Look at the Individual
My day job sent around an interesting TED Talk on our current multi-generational workforce. This is the first time in history five generations – Greatest Generation, Baby Boomers, Gen X, Millennials, Generation Z – are working together. What do you think the talk centered around? How the older generations work harder? How the middle child generation, Gen X, allows their cynicism to sabotage the generations on either side? How Millennials need to be coddled and treated with kid gloves? Take a moment to think about these groups and what it looks like to have an office packed with all these different types of workers.

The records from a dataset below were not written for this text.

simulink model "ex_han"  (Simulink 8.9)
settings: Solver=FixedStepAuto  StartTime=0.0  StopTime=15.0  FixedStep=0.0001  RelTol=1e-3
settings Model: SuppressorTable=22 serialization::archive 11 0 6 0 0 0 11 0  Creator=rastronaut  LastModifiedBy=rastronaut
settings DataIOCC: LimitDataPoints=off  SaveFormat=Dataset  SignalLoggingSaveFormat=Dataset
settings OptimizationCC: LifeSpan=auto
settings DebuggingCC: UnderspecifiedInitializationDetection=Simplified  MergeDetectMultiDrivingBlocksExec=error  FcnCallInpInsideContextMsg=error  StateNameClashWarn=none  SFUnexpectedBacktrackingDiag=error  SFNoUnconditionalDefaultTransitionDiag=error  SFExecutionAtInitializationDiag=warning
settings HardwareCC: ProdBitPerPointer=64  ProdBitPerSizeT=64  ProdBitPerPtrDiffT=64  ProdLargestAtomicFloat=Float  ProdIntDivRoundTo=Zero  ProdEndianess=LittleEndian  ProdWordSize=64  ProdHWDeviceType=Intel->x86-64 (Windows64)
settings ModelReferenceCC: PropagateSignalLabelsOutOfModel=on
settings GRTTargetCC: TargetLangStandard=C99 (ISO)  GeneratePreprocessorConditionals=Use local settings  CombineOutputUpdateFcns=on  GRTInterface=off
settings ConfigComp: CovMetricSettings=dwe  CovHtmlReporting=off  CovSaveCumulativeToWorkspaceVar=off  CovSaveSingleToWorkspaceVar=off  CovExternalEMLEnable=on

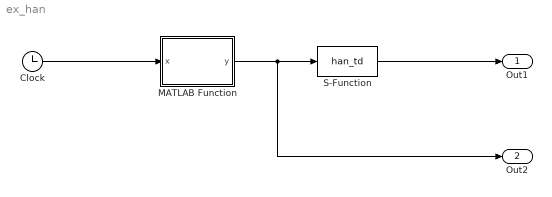
== system ex_han ==
  Clock : Clock
  MATLAB Function : MATLAB Function  TreatAsAtomicUnit=on
  S-Function : S-Function  FunctionName=han_td  Parameters=r, h, T  SFunctionDeploymentMode=off  EnableBusSupport=off
  Out1 : Outport
  Out2 : Outport  Port=2
  wires:
  MATLAB Function/1(y) -> Out2/1, S-Function/1
  S-Function/1 -> Out1/1
  Clock/1 -> MATLAB Function/1(x)

== matlab function MATLAB Function ==
  data: x input double; y output double
function y=han_fun(x)
if x<=2*pi, y=sin(x);                   % sinusoidal wave in the first period
elseif x<=2.5*pi, y=2*(x-2*pi)/pi;      % followed by triangular waves
elseif x<=3.5*pi, y=1-2*(x-2.5*pi)/pi;
elseif x<=4*pi, y=-2+2*(x-3*pi)/pi;
else y = 0; end

Then listen to Leah Georges’ TED Talk. She does not categorize the groups. She does not separate and label them. Instead, she shows how our assumptions, stereotypes, and biases make more problems than they solve. Ms. Georges asks us to release our desire to lump people together in groups and make assumptions about them by our own classifications. She instead, encourages us to get to know each other as individuals. When we take off the label, we can see the reality of what that person is going through, where they need support, and where they can excel.
This is a much-needed lesson outside of the workplace as well. Although the TED talk focuses on age, Ms. Georges’ concepts can easily be applied to bias of gender, ethnicity, politics, religion, and sexual orientation/identification. Our minds naturally label and categorize. For cognitive efficiency, we meet someone, choose a group to define them, and lump that person in the same box. It is efficient but also misguided. Our desire to put people into neat little boxes is off-base for many reasons.
Categorization is Not a Fact
Having a label does not make it a fact. It just helps us communicate. We all agree a plant with bark, roots, branches and leaves is called a tree. We do this to improve and simplify our communication. When I need to tell the fireman my cat is stuck in a tree I don’t have to have to say, “If you look between those green petals you can see my cat sitting on the long brown wooden arm coming out of that vertical wooden pole.” Similarly, we can discuss an employee by their generation to make it easier to communicate, but we can not assume that every person in that generation will act the way we have personally defined that generation.
Categorization is Built on Assumptions
We decide what we categorize by – age, skin tone, gender – and then create our own assumptions about those groups. All of this is personal and based on our own perception, bias, and experience. It is not absolute. It is not unmoving. As we gain more data and experience, our categorizations may change, our perceptions may change. Everything is based on our assumptions at that time. A better choice is to encourage thinking to be more flexible, inclusive, and expansive.
Categorization Only Looks at a Slice
People are not two-dimensional. We are not only our role of mother, daughter, sister, writer, or consultant. We are not only ourselves on our best behavior. We also have rough days or days we act in less-than-ideal ways. Categorization is like a scientific experiment. Experiments are made in controlled environments. They are in heat or cold, inside or outside. What is found to be true in the experiment is only true in those specific conditions. Same goes for us. How we appear in our work environment may be very different than we appear out with friends. To be categorized by one role or another only gives a slice of who we are.
As you go through your day, see if you can become aware of how you classify people, choose to let go of your labels, and seek to understand each person as an individual. Not only will this help us to come together, but it also makes for much more fascinating and multifaceted interactions.